### Requirement
Exclude the pictures from your copy, and reproduce each entry below verbatim.

### Supplied data
|---|
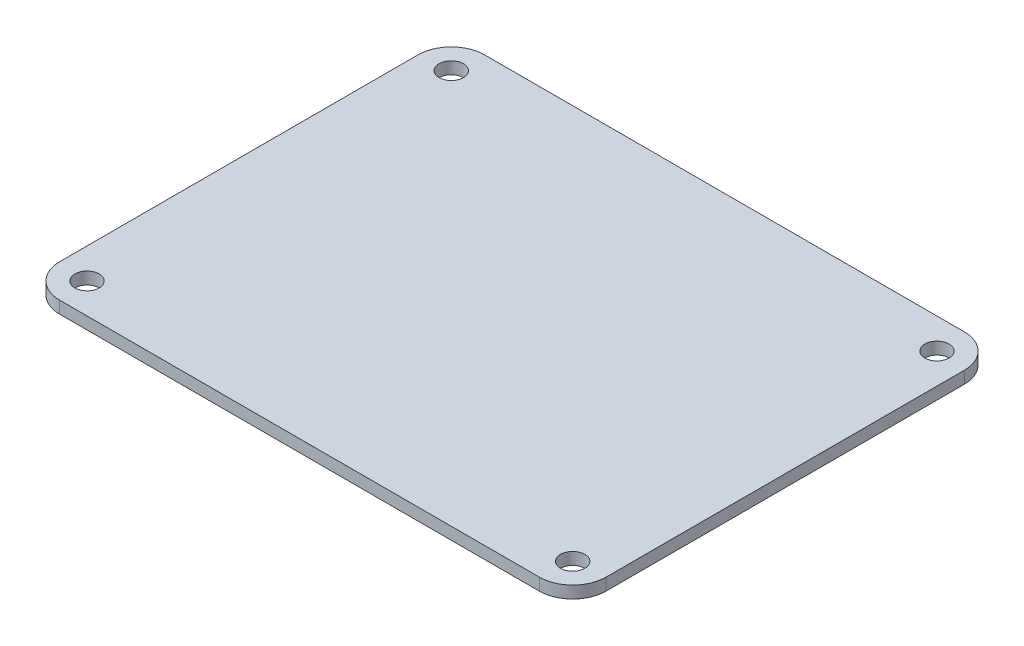
SolidWorks part; units mm, degrees
ref_plane "Front Plane" through (0, 0, 0) normal (0, 0, 1) x (1, 0, 0)
ref_plane "Top Plane" through (0, 0, 0) normal (0, 1, 0) x (1, 0, 0)
ref_plane "Right Plane" through (0, 0, 0) normal (1, 0, 0) x (0, 0, -1)
sketch "Sketch1" plane through (0, 0, 0) normal (0, 1, 0) x (1, 0, 0)
  line L1 (-114.3, 88.9) -> (114.3, 88.9)
  line L2 (-114.3, 88.9) -> (-114.3, -88.9)
  line L3 (-114.3, -88.9) -> (114.3, -88.9)
  line L4 (114.3, 88.9) -> (114.3, -88.9)
  line L5 (-114.3, 88.9) -> (114.3, -88.9) construction
  line L6 (-114.3, -88.9) -> (114.3, 88.9) construction
  point P0 (0, 0)
  dimension "D1" = 177.8
  dimension "10" = 228.6
extrude "Boss-Extrude1" add sketch "Sketch1" along normal blind 5.08
sketch "Sketch2" plane through (0, 5.08, 0) normal (0, 1, 0) x (1, 0, 0)
  line L0 (-101.6, 76.2) -> (-101.6, 88.9) construction
  line L1 (114.3, 88.9) -> (-114.3, 88.9) construction
  line L2 (-101.6, 76.2) -> (-114.3, 76.2) construction
  line L3 (-114.3, 88.9) -> (-114.3, -88.9) construction
  line L4 (-101.6, -76.2) -> (-114.3, -76.2) construction
  line L5 (-101.6, -76.2) -> (-101.6, -88.9) construction
  line L6 (-114.3, -88.9) -> (114.3, -88.9) construction
  line L7 (101.6, 76.2) -> (101.6, 88.9) construction
  line L8 (101.6, 76.2) -> (114.3, 76.2) construction
  line L9 (114.3, -88.9) -> (114.3, 88.9) construction
  line L10 (101.6, -76.2) -> (101.6, -88.9) construction
  line L11 (101.6, -76.2) -> (114.3, -76.2) construction
  circle A0 centre (-101.6, 76.2) radius 5.08
  circle A1 centre (101.6, 76.2) radius 5.08
  circle A2 centre (101.6, -76.2) radius 5.08
  circle A3 centre (-101.6, -76.2) radius 5.08
  dimension "D1" = 10.16
  dimension "D2" = 12.7
extrude "Cut-Extrude1" cut sketch "Sketch2" against normal through all
fillet "Fillet3" radius 13.97 4 edges at (114.3, 2.54, -88.9) (114.3, 2.54, 88.9) (-114.3, 2.54, -88.9) (-114.3, 2.54, 88.9)
|---|
### Exercise response
SolidWorks part; units mm, degrees
ref_plane "Front Plane" through (0, 0, 0) normal (0, 0, 1) x (1, 0, 0)
ref_plane "Top Plane" through (0, 0, 0) normal (0, 1, 0) x (1, 0, 0)
ref_plane "Right Plane" through (0, 0, 0) normal (1, 0, 0) x (0, 0, -1)
sketch "Sketch1" plane through (0, 0, 0) normal (0, 1, 0) x (1, 0, 0)
  line L1 (-114.3, 88.9) -> (114.3, 88.9)
  line L2 (-114.3, 88.9) -> (-114.3, -88.9)
  line L3 (-114.3, -88.9) -> (114.3, -88.9)
  line L4 (114.3, 88.9) -> (114.3, -88.9)
  line L5 (-114.3, 88.9) -> (114.3, -88.9) construction
  line L6 (-114.3, -88.9) -> (114.3, 88.9) construction
  point P0 (0, 0)
  dimension "D1" = 177.8
  dimension "10" = 228.6
extrude "Boss-Extrude1" add sketch "Sketch1" along normal blind 5.08
sketch "Sketch2" plane through (0, 5.08, 0) normal (0, 1, 0) x (1, 0, 0)
  line L0 (-101.6, 76.2) -> (-101.6, 88.9) construction
  line L1 (114.3, 88.9) -> (-114.3, 88.9) construction
  line L2 (-101.6, 76.2) -> (-114.3, 76.2) construction
  line L3 (-114.3, 88.9) -> (-114.3, -88.9) construction
  line L4 (-101.6, -76.2) -> (-114.3, -76.2) construction
  line L5 (-101.6, -76.2) -> (-101.6, -88.9) construction
  line L6 (-114.3, -88.9) -> (114.3, -88.9) construction
  line L7 (101.6, 76.2) -> (101.6, 88.9) construction
  line L8 (101.6, 76.2) -> (114.3, 76.2) construction
  line L9 (114.3, -88.9) -> (114.3, 88.9) construction
  line L10 (101.6, -76.2) -> (101.6, -88.9) construction
  line L11 (101.6, -76.2) -> (114.3, -76.2) construction
  circle A0 centre (-101.6, 76.2) radius 5.08
  circle A1 centre (101.6, 76.2) radius 5.08
  circle A2 centre (101.6, -76.2) radius 5.08
  circle A3 centre (-101.6, -76.2) radius 5.08
  dimension "D1" = 10.16
  dimension "D2" = 12.7
extrude "Cut-Extrude1" cut sketch "Sketch2" against normal through all
fillet "Fillet3" radius 13.97 4 edges at (114.3, 2.54, -88.9) (114.3, 2.54, 88.9) (-114.3, 2.54, -88.9) (-114.3, 2.54, 88.9)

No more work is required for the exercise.